Over that weekend he offered pebbles, rocks, flowers and more cars. He tried to balance his water bottle in the crook of the statue’s arm, but couldn’t figure it out. He pulled up his Henry-sized monkey folding chair in front of Buddha and sat for several seconds looking at him before getting up and sitting between Mama and Daddy who were watching him in wonder from the garden steps.

Even the strangest concepts seem obvious when you see them unfold so naturally before your eyes. Especially in the last several years, I’ve experienced countless things many may consider extraordinary, even impossible – all part of the package when you start to explore seeing your world more clearly — and as so many of you fellow parents can understand, parenthood has only increased the regularity and normalcy of the “bizarre.” It is so easy to take for granted what many call everyday miracles when you’re negotiating the sippy vs. big person cup conundrum or walking your child to go poopy in the potty. However, this one got our attention.

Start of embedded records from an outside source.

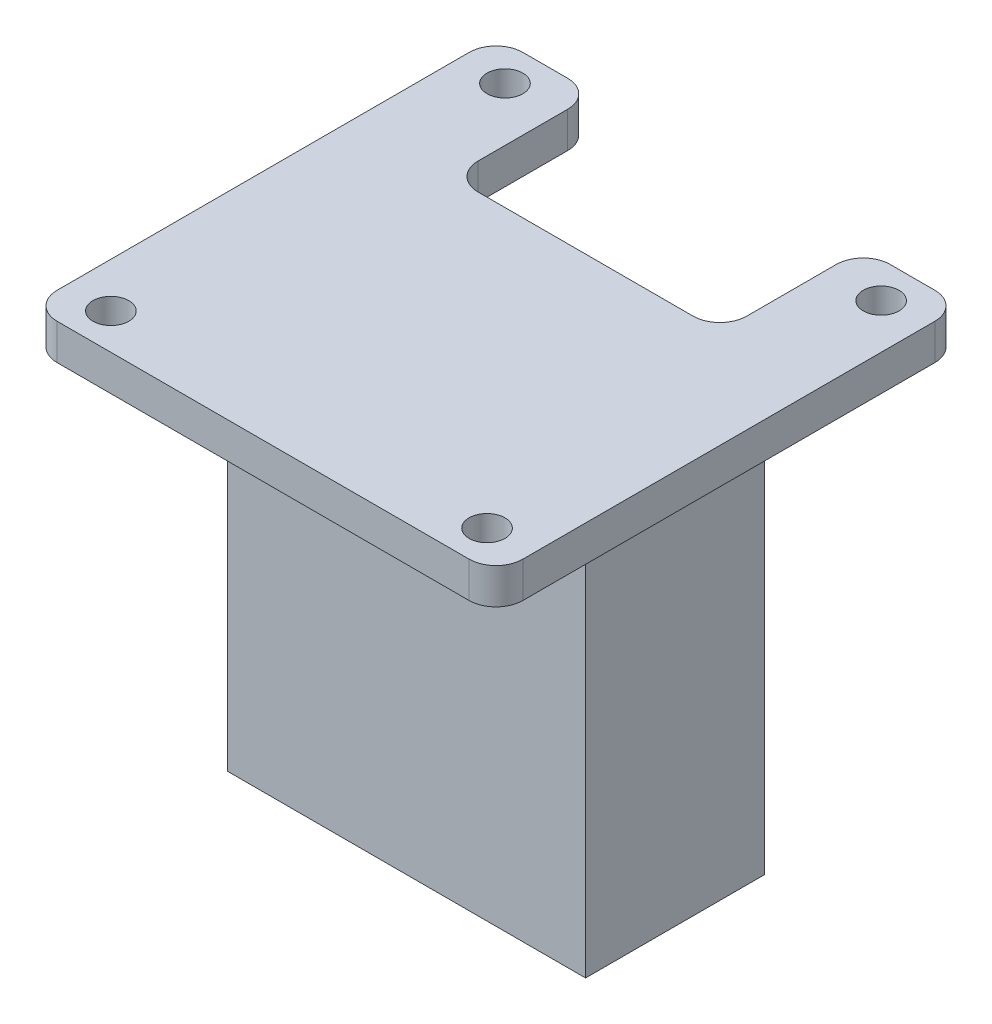
ISO-10303-21;
HEADER;
FILE_DESCRIPTION(('STEP AP214'),'2;1');
FILE_NAME('part.step','',(''),(''),'','','');
FILE_SCHEMA(('AUTOMOTIVE_DESIGN { 1 0 10303 214 1 1 1 1 }'));
ENDSEC;
DATA;
#1=APPLICATION_CONTEXT('core data for automotive mechanical design processes');
#2=APPLICATION_PROTOCOL_DEFINITION('international standard','automotive_design',2000,#1);
#3=PRODUCT_CONTEXT('',#1,'mechanical');
#4=PRODUCT('Part','Part','',(#3));
#5=PRODUCT_RELATED_PRODUCT_CATEGORY('part','',(#4));
#6=PRODUCT_DEFINITION_FORMATION('','',#4);
#7=PRODUCT_DEFINITION_CONTEXT('part definition',#1,'design');
#8=PRODUCT_DEFINITION('design','',#6,#7);
#9=PRODUCT_DEFINITION_SHAPE('','',#8);
#10=(LENGTH_UNIT() NAMED_UNIT(*) SI_UNIT(.MILLI.,.METRE.));
#11=(NAMED_UNIT(*) PLANE_ANGLE_UNIT() SI_UNIT($,.RADIAN.));
#12=(NAMED_UNIT(*) SI_UNIT($,.STERADIAN.) SOLID_ANGLE_UNIT());
#13=UNCERTAINTY_MEASURE_WITH_UNIT(LENGTH_MEASURE(1.E-05),#10,'distance_accuracy_value','');
#14=(GEOMETRIC_REPRESENTATION_CONTEXT(3) GLOBAL_UNCERTAINTY_ASSIGNED_CONTEXT((#13)) GLOBAL_UNIT_ASSIGNED_CONTEXT((#10,
#11,#12)) REPRESENTATION_CONTEXT('',''));
#15=CARTESIAN_POINT('',(0.,0.,0.));
#16=DIRECTION('',(0.,0.,1.));
#17=DIRECTION('',(1.,0.,0.));
#18=AXIS2_PLACEMENT_3D('',#15,#16,#17);
#19=CARTESIAN_POINT('',(13.,25.,-13.));
#20=DIRECTION('',(0.,0.,1.));
#21=DIRECTION('',(1.,0.,0.));
#22=AXIS2_PLACEMENT_3D('',#19,#20,#21);
#23=PLANE('',#22);
#24=DIRECTION('',(-1.,0.,0.));
#25=VECTOR('',#24,1.);
#26=CARTESIAN_POINT('',(13.,23.,-13.));
#27=LINE('',#26,#25);
#28=CARTESIAN_POINT('',(-9.,23.,-13.));
#29=VERTEX_POINT('',#28);
#30=CARTESIAN_POINT('',(-11.5,23.,-13.));
#31=VERTEX_POINT('',#30);
#32=EDGE_CURVE('E391',#29,#31,#27,.T.);
#33=ORIENTED_EDGE('',*,*,#32,.T.);
#34=DIRECTION('',(0.,-1.,0.));
#35=VECTOR('',#34,1.);
#36=CARTESIAN_POINT('',(-11.5,25.,-13.));
#37=LINE('',#36,#35);
#38=CARTESIAN_POINT('',(-11.5,25.,-13.));
#39=VERTEX_POINT('',#38);
#40=EDGE_CURVE('E252',#31,#39,#37,.F.);
#41=ORIENTED_EDGE('',*,*,#40,.T.);
#42=DIRECTION('',(-1.,0.,0.));
#43=VECTOR('',#42,1.);
#44=CARTESIAN_POINT('',(13.,25.,-13.));
#45=LINE('',#44,#43);
#46=CARTESIAN_POINT('',(-9.,25.,-13.));
#47=VERTEX_POINT('',#46);
#48=EDGE_CURVE('E379',#47,#39,#45,.T.);
#49=ORIENTED_EDGE('',*,*,#48,.F.);
#50=DIRECTION('',(0.,-1.,0.));
#51=VECTOR('',#50,1.);
#52=CARTESIAN_POINT('',(-9.,25.,-13.));
#53=LINE('',#52,#51);
#54=EDGE_CURVE('E249',#47,#29,#53,.T.);
#55=ORIENTED_EDGE('',*,*,#54,.T.);
#56=EDGE_LOOP('',(#33,#41,#49,#55));
#57=FACE_BOUND('',#56,.T.);
#58=ADVANCED_FACE('F36',(#57),#23,.F.);
#59=CARTESIAN_POINT('',(0.,0.,0.));
#60=DIRECTION('',(0.,1.,0.));
#61=DIRECTION('',(0.,0.,1.));
#62=AXIS2_PLACEMENT_3D('',#59,#60,#61);
#63=PLANE('',#62);
#64=DIRECTION('',(0.,0.,1.));
#65=VECTOR('',#64,1.);
#66=CARTESIAN_POINT('',(-10.,0.,5.));
#67=LINE('',#66,#65);
#68=CARTESIAN_POINT('',(-10.,0.,-5.));
#69=VERTEX_POINT('',#68);
#70=CARTESIAN_POINT('',(-10.,0.,5.));
#71=VERTEX_POINT('',#70);
#72=EDGE_CURVE('E201',#69,#71,#67,.T.);
#73=ORIENTED_EDGE('',*,*,#72,.F.);
#74=DIRECTION('',(-1.,0.,0.));
#75=VECTOR('',#74,1.);
#76=CARTESIAN_POINT('',(10.,0.,-5.));
#77=LINE('',#76,#75);
#78=CARTESIAN_POINT('',(10.,0.,-5.));
#79=VERTEX_POINT('',#78);
#80=EDGE_CURVE('E217',#79,#69,#77,.T.);
#81=ORIENTED_EDGE('',*,*,#80,.F.);
#82=DIRECTION('',(0.,0.,-1.));
#83=VECTOR('',#82,1.);
#84=CARTESIAN_POINT('',(10.,0.,5.));
#85=LINE('',#84,#83);
#86=CARTESIAN_POINT('',(10.,0.,5.));
#87=VERTEX_POINT('',#86);
#88=EDGE_CURVE('E203',#87,#79,#85,.T.);
#89=ORIENTED_EDGE('',*,*,#88,.F.);
#90=DIRECTION('',(1.,0.,0.));
#91=VECTOR('',#90,1.);
#92=CARTESIAN_POINT('',(10.,0.,5.));
#93=LINE('',#92,#91);
#94=EDGE_CURVE('E188',#71,#87,#93,.T.);
#95=ORIENTED_EDGE('',*,*,#94,.F.);
#96=EDGE_LOOP('',(#73,#81,#89,#95));
#97=FACE_BOUND('',#96,.T.);
#98=CARTESIAN_POINT('',(0.,0.,-1.5));
#99=DIRECTION('',(0.,1.,0.));
#100=DIRECTION('',(0.,0.,1.));
#101=AXIS2_PLACEMENT_3D('',#98,#99,#100);
#102=CIRCLE('',#101,1.45);
#103=CARTESIAN_POINT('',(0.,0.,-0.0499999999999997));
#104=VERTEX_POINT('',#103);
#105=EDGE_CURVE('E209',#104,#104,#102,.T.);
#106=ORIENTED_EDGE('',*,*,#105,.T.);
#107=EDGE_LOOP('',(#106));
#108=FACE_BOUND('',#107,.T.);
#109=ADVANCED_FACE('F198',(#97,#108),#63,.F.);
#110=CARTESIAN_POINT('',(-10.,23.,5.));
#111=DIRECTION('',(1.,0.,0.));
#112=DIRECTION('',(0.,0.,-1.));
#113=AXIS2_PLACEMENT_3D('',#110,#111,#112);
#114=PLANE('',#113);
#115=DIRECTION('',(0.,-1.,0.));
#116=VECTOR('',#115,1.);
#117=CARTESIAN_POINT('',(-10.,23.,5.));
#118=LINE('',#117,#116);
#119=CARTESIAN_POINT('',(-10.,21.5,5.));
#120=VERTEX_POINT('',#119);
#121=EDGE_CURVE('E185',#120,#71,#118,.T.);
#122=ORIENTED_EDGE('',*,*,#121,.F.);
#123=DIRECTION('',(0.,0.,1.));
#124=VECTOR('',#123,1.);
#125=CARTESIAN_POINT('',(-10.,21.5,-5.));
#126=LINE('',#125,#124);
#127=CARTESIAN_POINT('',(-10.,21.5,-5.));
#128=VERTEX_POINT('',#127);
#129=EDGE_CURVE('E301',#120,#128,#126,.F.);
#130=ORIENTED_EDGE('',*,*,#129,.T.);
#131=DIRECTION('',(0.,-1.,0.));
#132=VECTOR('',#131,1.);
#133=CARTESIAN_POINT('',(-10.,23.,-5.));
#134=LINE('',#133,#132);
#135=EDGE_CURVE('E207',#128,#69,#134,.T.);
#136=ORIENTED_EDGE('',*,*,#135,.T.);
#137=ORIENTED_EDGE('',*,*,#72,.T.);
#138=EDGE_LOOP('',(#122,#130,#136,#137));
#139=FACE_BOUND('',#138,.T.);
#140=ADVANCED_FACE('F205',(#139),#114,.F.);
#141=CARTESIAN_POINT('',(10.,23.,5.));
#142=DIRECTION('',(0.,0.,-1.));
#143=DIRECTION('',(-1.,0.,0.));
#144=AXIS2_PLACEMENT_3D('',#141,#142,#143);
#145=PLANE('',#144);
#146=DIRECTION('',(0.,-1.,0.));
#147=VECTOR('',#146,1.);
#148=CARTESIAN_POINT('',(10.,23.,5.));
#149=LINE('',#148,#147);
#150=CARTESIAN_POINT('',(10.,21.5,5.));
#151=VERTEX_POINT('',#150);
#152=EDGE_CURVE('E194',#151,#87,#149,.T.);
#153=ORIENTED_EDGE('',*,*,#152,.F.);
#154=DIRECTION('',(1.,0.,0.));
#155=VECTOR('',#154,1.);
#156=CARTESIAN_POINT('',(-10.,21.5,5.));
#157=LINE('',#156,#155);
#158=EDGE_CURVE('E53',#151,#120,#157,.F.);
#159=ORIENTED_EDGE('',*,*,#158,.T.);
#160=ORIENTED_EDGE('',*,*,#121,.T.);
#161=ORIENTED_EDGE('',*,*,#94,.T.);
#162=EDGE_LOOP('',(#153,#159,#160,#161));
#163=FACE_BOUND('',#162,.T.);
#164=ADVANCED_FACE('F187',(#163),#145,.F.);
#165=CARTESIAN_POINT('',(10.,23.,5.));
#166=DIRECTION('',(-1.,0.,0.));
#167=DIRECTION('',(0.,0.,1.));
#168=AXIS2_PLACEMENT_3D('',#165,#166,#167);
#169=PLANE('',#168);
#170=DIRECTION('',(0.,-1.,0.));
#171=VECTOR('',#170,1.);
#172=CARTESIAN_POINT('',(10.,23.,-5.));
#173=LINE('',#172,#171);
#174=CARTESIAN_POINT('',(10.,21.5,-5.));
#175=VERTEX_POINT('',#174);
#176=EDGE_CURVE('E220',#175,#79,#173,.T.);
#177=ORIENTED_EDGE('',*,*,#176,.F.);
#178=DIRECTION('',(0.,0.,-1.));
#179=VECTOR('',#178,1.);
#180=CARTESIAN_POINT('',(10.,21.5,5.));
#181=LINE('',#180,#179);
#182=EDGE_CURVE('E61',#175,#151,#181,.F.);
#183=ORIENTED_EDGE('',*,*,#182,.T.);
#184=ORIENTED_EDGE('',*,*,#152,.T.);
#185=ORIENTED_EDGE('',*,*,#88,.T.);
#186=EDGE_LOOP('',(#177,#183,#184,#185));
#187=FACE_BOUND('',#186,.T.);
#188=ADVANCED_FACE('F532',(#187),#169,.F.);
#189=CARTESIAN_POINT('',(10.,23.,-5.));
#190=DIRECTION('',(0.,0.,1.));
#191=DIRECTION('',(1.,0.,0.));
#192=AXIS2_PLACEMENT_3D('',#189,#190,#191);
#193=PLANE('',#192);
#194=DIRECTION('',(-1.,0.,0.));
#195=VECTOR('',#194,1.);
#196=CARTESIAN_POINT('',(-7.5,21.5,-5.));
#197=LINE('',#196,#195);
#198=CARTESIAN_POINT('',(-6.,21.5,-5.));
#199=VERTEX_POINT('',#198);
#200=EDGE_CURVE('E294',#128,#199,#197,.F.);
#201=ORIENTED_EDGE('',*,*,#200,.T.);
#202=DIRECTION('',(0.,1.,0.));
#203=VECTOR('',#202,1.);
#204=CARTESIAN_POINT('',(-6.,25.,-5.));
#205=LINE('',#204,#203);
#206=CARTESIAN_POINT('',(-6.,25.,-5.));
#207=VERTEX_POINT('',#206);
#208=EDGE_CURVE('E296',#199,#207,#205,.T.);
#209=ORIENTED_EDGE('',*,*,#208,.T.);
#210=DIRECTION('',(1.,0.,0.));
#211=VECTOR('',#210,1.);
#212=CARTESIAN_POINT('',(7.5,25.,-5.));
#213=LINE('',#212,#211);
#214=CARTESIAN_POINT('',(6.,25.,-5.));
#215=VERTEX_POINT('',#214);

Here’s what I believe Henry was reminding us that weekend. Children We all have an innate sense, a gut instinct, a strong intuition, a clairvoyance, a memory, a higher self, a wisdom, a voice, whatever you want to call it, that allows us to just know…whatever we need to know. And most of what we know to our core is love.

Henry loves and shows respect for Buddha without even thinking about how he knows to do it. Thoughts, expectations, obligations, beliefs, right and wrong. They don’t have anything to do with it. It is unconditional and without logic. It is simply love and connection. He wants to make an offering in that moment, so he does.

That’s what he came out of the womb understanding…being. We all did. We all are born at peace, connected to both the center of the universe and the center of the earth. It’s allowing ourselves to remain there that’s the tricky part. And, as Buddha teaches, sitting in that is where we learn whatever it is we are here to learn.

I believe it’s that simple. Simple doesn’t necessarily mean easy, but our children often make it look that way. Okay, they know it is. Henry will help me remember that.